The obvious beneficiary is One Nation, and the new Bernardi conservative force, that George Christensen appears to be on the path to, having resigned as National Party whip. For hard-right supporters like Andrew Bolt that doesn’t seem so bad: “Must we now vote for One Nation then?” he asks on his blog, which translates as “please, please, please may I now vote for One Nation?”.
Given its commitment to banning aspects of Islam, One Nation’s commitment to ferrdom! is pretty tenuous. If Bolt is going there, he won’t be taking many 18C mavens with him. The 18C stoush demonstrates one of the interesting features of the right’s radical turn: in abandoning conservative notions of compromise and prudence, it has taken on a Leninist style of politics, leaning on the contradictions within a party, rather than minimising. “Split, split and split again, until you are as sharp as a stake,” the man said, and the 18C-istas appear happy to follow that lead.
There is far less division on what is labelled the left, though many of us from its more “material”, rather than liberal-cultural, traditions would prefer a law that allowed sanction against street harassment and menacing of a racist character, which would help minimise the un-freedom many citizens suffer from the casual headfuckery of getting the n-word or similar hurled at them.
Any left that wants a transformative politics must be “Jeffersonian liberal” in nature, preserving the right of the public sphere to be protected from the state, even when people within it call for the overthrow of the state. In that respect, 18C is a conservative law, shaped to a society that has been a multicultural, high-immigration one for nearly three-quarters of a century now.
Part of the right’s terrible troubles over it are that all the labels are stuck on the wrong people; the moderate Liberals defending it are being conservatives, as are the centre left who want to preserve it and improve its functioning. The “conservatives” are right-wing radicals, as programmatic about 18C as are the cultural left, who want to use it more aggressively to reshape public behaviour.

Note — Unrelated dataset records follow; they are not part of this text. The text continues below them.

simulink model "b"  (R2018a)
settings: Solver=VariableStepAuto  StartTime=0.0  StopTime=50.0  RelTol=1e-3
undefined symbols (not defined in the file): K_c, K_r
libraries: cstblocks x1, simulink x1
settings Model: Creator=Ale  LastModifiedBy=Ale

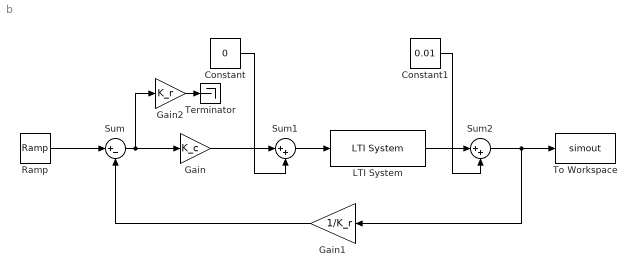
== system b ==
  Constant : Constant  Value=0
  Constant1 : Constant  Value=0.01
  Gain : Gain  Gain=K_c
  Gain1 : Gain  Gain=1/K_r
  Gain2 : Gain  Gain=K_r
  LTI System : cstblocks/LTI System  sys=F  IC=[]
  Ramp : simulink/Sources/Ramp  slope=2  start=0  InitialOutput=0
  Sum : Sum  Inputs=|+-
  Sum1 : Sum  Inputs=|++
  Sum2 : Sum  Inputs=|++
  Terminator : Terminator
  To Workspace : ToWorkspace  VariableName=simout  SaveFormat=Timeseries  SampleTime=-1
  wires:
  Gain2/1 -> Terminator/1
  Sum/1 -> Gain2/1, Gain/1
  Gain1/1 -> Sum/2
  Sum2/1 -> Gain1/1, To Workspace/1
  Constant1/1 -> Sum2/2
  LTI System/1 -> Sum2/1
  Sum1/1 -> LTI System/1
  Constant/1 -> Sum1/2
  Ramp/1 -> Sum/1
  Gain/1 -> Sum1/1
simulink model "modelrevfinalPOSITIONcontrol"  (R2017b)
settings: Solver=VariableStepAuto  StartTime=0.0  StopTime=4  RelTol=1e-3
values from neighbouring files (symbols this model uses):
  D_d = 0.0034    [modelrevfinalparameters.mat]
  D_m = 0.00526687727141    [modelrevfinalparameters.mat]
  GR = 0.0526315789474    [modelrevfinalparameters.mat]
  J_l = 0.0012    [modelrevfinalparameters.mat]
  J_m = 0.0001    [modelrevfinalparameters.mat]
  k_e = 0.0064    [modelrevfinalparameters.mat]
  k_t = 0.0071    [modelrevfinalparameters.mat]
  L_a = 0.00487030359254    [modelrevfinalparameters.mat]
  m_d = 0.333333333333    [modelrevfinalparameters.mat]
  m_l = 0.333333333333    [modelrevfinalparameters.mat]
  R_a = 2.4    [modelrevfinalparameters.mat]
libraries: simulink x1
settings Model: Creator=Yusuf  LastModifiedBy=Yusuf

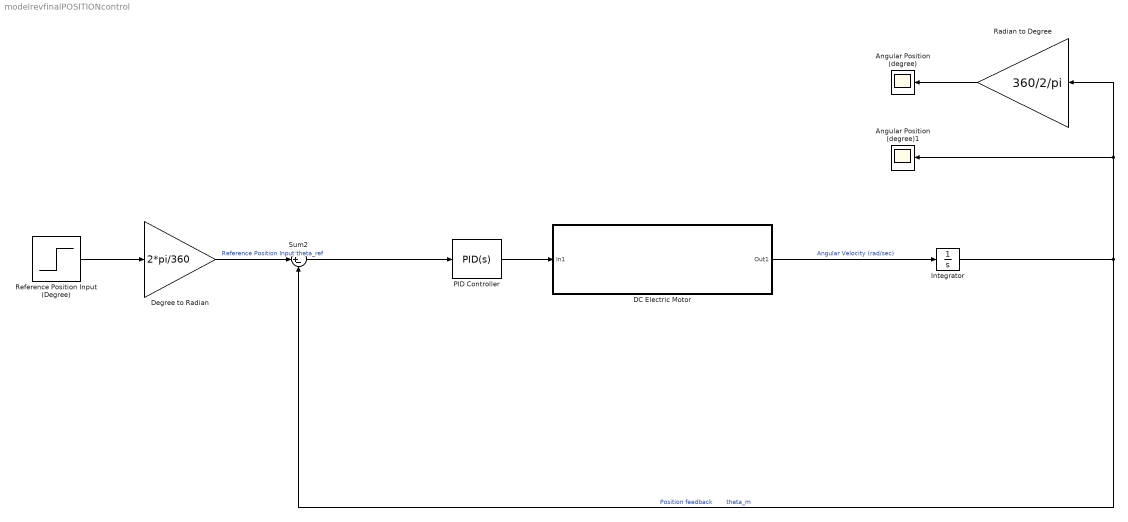
== system modelrevfinalPOSITIONcontrol ==
  Angular Position (degree) : Scope
  Angular Position (degree)1 : Scope
  DC Electric Motor : Subsystem
  Degree to Radian : Gain  Gain=2*pi/360
  Integrator : Integrator
  PID Controller : simulink/Continuous/PID Controller  Controller=PID  TimeDomain=Continuous-time  SampleTime=-1  IntegratorMethod=Forward Euler  FilterMethod=Forward Euler  Form=Parallel  UseFilter=on  ControllerParametersSource=internal  P=1.5  I=0  D=0  N=100  InitialConditionSource=internal  InitialConditionForIntegrator=0  InitialConditionForFilter=0  ExternalReset=none  LimitOutput=off  UpperSaturationLimit=inf  LowerSaturationLimit=-inf  LinearizeAsGain=on  AntiWindupMode=none  Kb=1  TrackingMode=off  Kt=1  PParamMin=[]  PParamMax=[]  IParamMin=[]  IParamMax=[]  DParamMin=[]  DParamMax=[]  NParamMin=[]  NParamMax=[]  KbParamMin=[]  KbParamMax=[]  KtParamMin=[]  KtParamMax=[]  POutMin=[]  POutMax=[]  IOutMin=[]  IOutMax=[]  DOutMin=[]  DOutMax=[]  NOutMin=[]  NOutMax=[]  KbOutMin=[]  KbOutMax=[]  KtOutMin=[]  KtOutMax=[]  IntegratorOutMin=[]  IntegratorOutMax=[]  FilterOutMin=[]  FilterOutMax=[]  SumOutMin=[]  SumOutMax=[]  SumI1OutMin=[]  SumI1OutMax=[]  SumI2OutMin=[]  SumI2OutMax=[]  SumI3OutMin=[]  SumI3OutMax=[]  SumDOutMin=[]  SumDOutMax=[]  SaturationOutMin=[]  SaturationOutMax=[]  IntegratorContinuousStateAttributes=''  IntegratorStateMustResolveToSignalObject=off  IntegratorRTWStateStorageClass=Auto  FilterContinuousStateAttributes=''  FilterStateMustResolveToSignalObject=off  FilterRTWStateStorageClass=Auto  DifferentiatorICPrevScaledInput=0  DifferentiatorOutMin=[]  DifferentiatorOutMax=[]  InitialConditionSetting=State (most efficient)  FilterDiffOutCoefMin=[]  FilterDiffOutCoefMax=[]  SumDenOutMin=[]  SumDenOutMax=[]  SumNumOutMin=[]  SumNumOutMax=[]  ReciprocalOutMin=[]  ReciprocalOutMax=[]  DivideOutMin=[]  DivideOutMax=[]  TunerSelectOption=Transfer Function Based (PID Tuner App)
  Radian to Degree : Gain  Gain=360/2/pi
  Reference Position Input (Degree) : Step  Time=0  Before=200  After=200  SampleTime=0
  Sum2 : Sum  Inputs=|+-
  wires:
  Integrator/1 -> Sum2/2, Angular Position (degree)1/1, Radian to Degree/1  "Position feedback       theta_m"
  Sum2/1 -> PID Controller/1
  DC Electric Motor/1(Out1) -> Integrator/1  "Angular Velocity (rad/sec)"
  Radian to Degree/1 -> Angular Position (degree)/1
  PID Controller/1 -> DC Electric Motor/1(In1)
  Degree to Radian/1 -> Sum2/1  "Reference Position Input theta_ref"
  Reference Position Input (Degree)/1 -> Degree to Radian/1

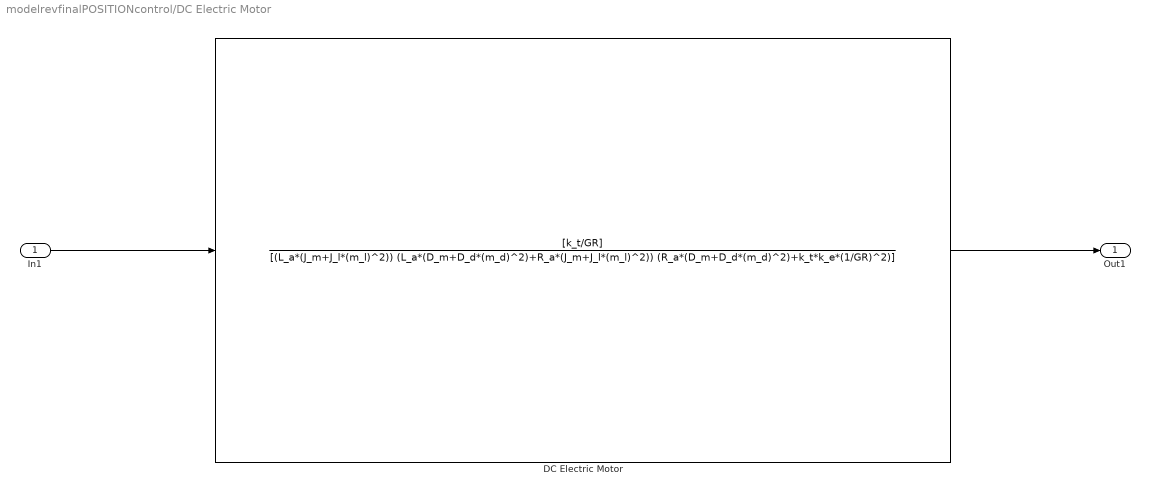
== system modelrevfinalPOSITIONcontrol/DC Electric Motor ==
  In1 : Inport
  DC Electric Motor : TransferFcn  Numerator=[k_t/GR]  Denominator=[(L_a*(J_m+J_l*(m_l)^2)) (L_a*(D_m+D_d*(m_d)^2)+R_a*(J_m+J_l*(m_l)^2)) (R_a*(D_m+D_d*(m_d)^2)+k_t*k_e*(1/GR)^2)]
  Out1 : Outport
  wires:
  In1/1 -> DC Electric Motor/1
  DC Electric Motor/1 -> Out1/1

Ah, 18C. One can only recall the dedication in economist Marshall Goldman’s book on Soviet agriculture: “to the USSR for making an economist’s life so interesting”. Thanks 18C! Thanks IPA! Thanks Bolter, Planet, Little Bird, editor of the Spectator Uriah Heep, portable blazer mannequin David Flint, economic eugenicist Gary Johns. It’s all been such fun. We take off our hat to your hat-trick of losses, and await your next move.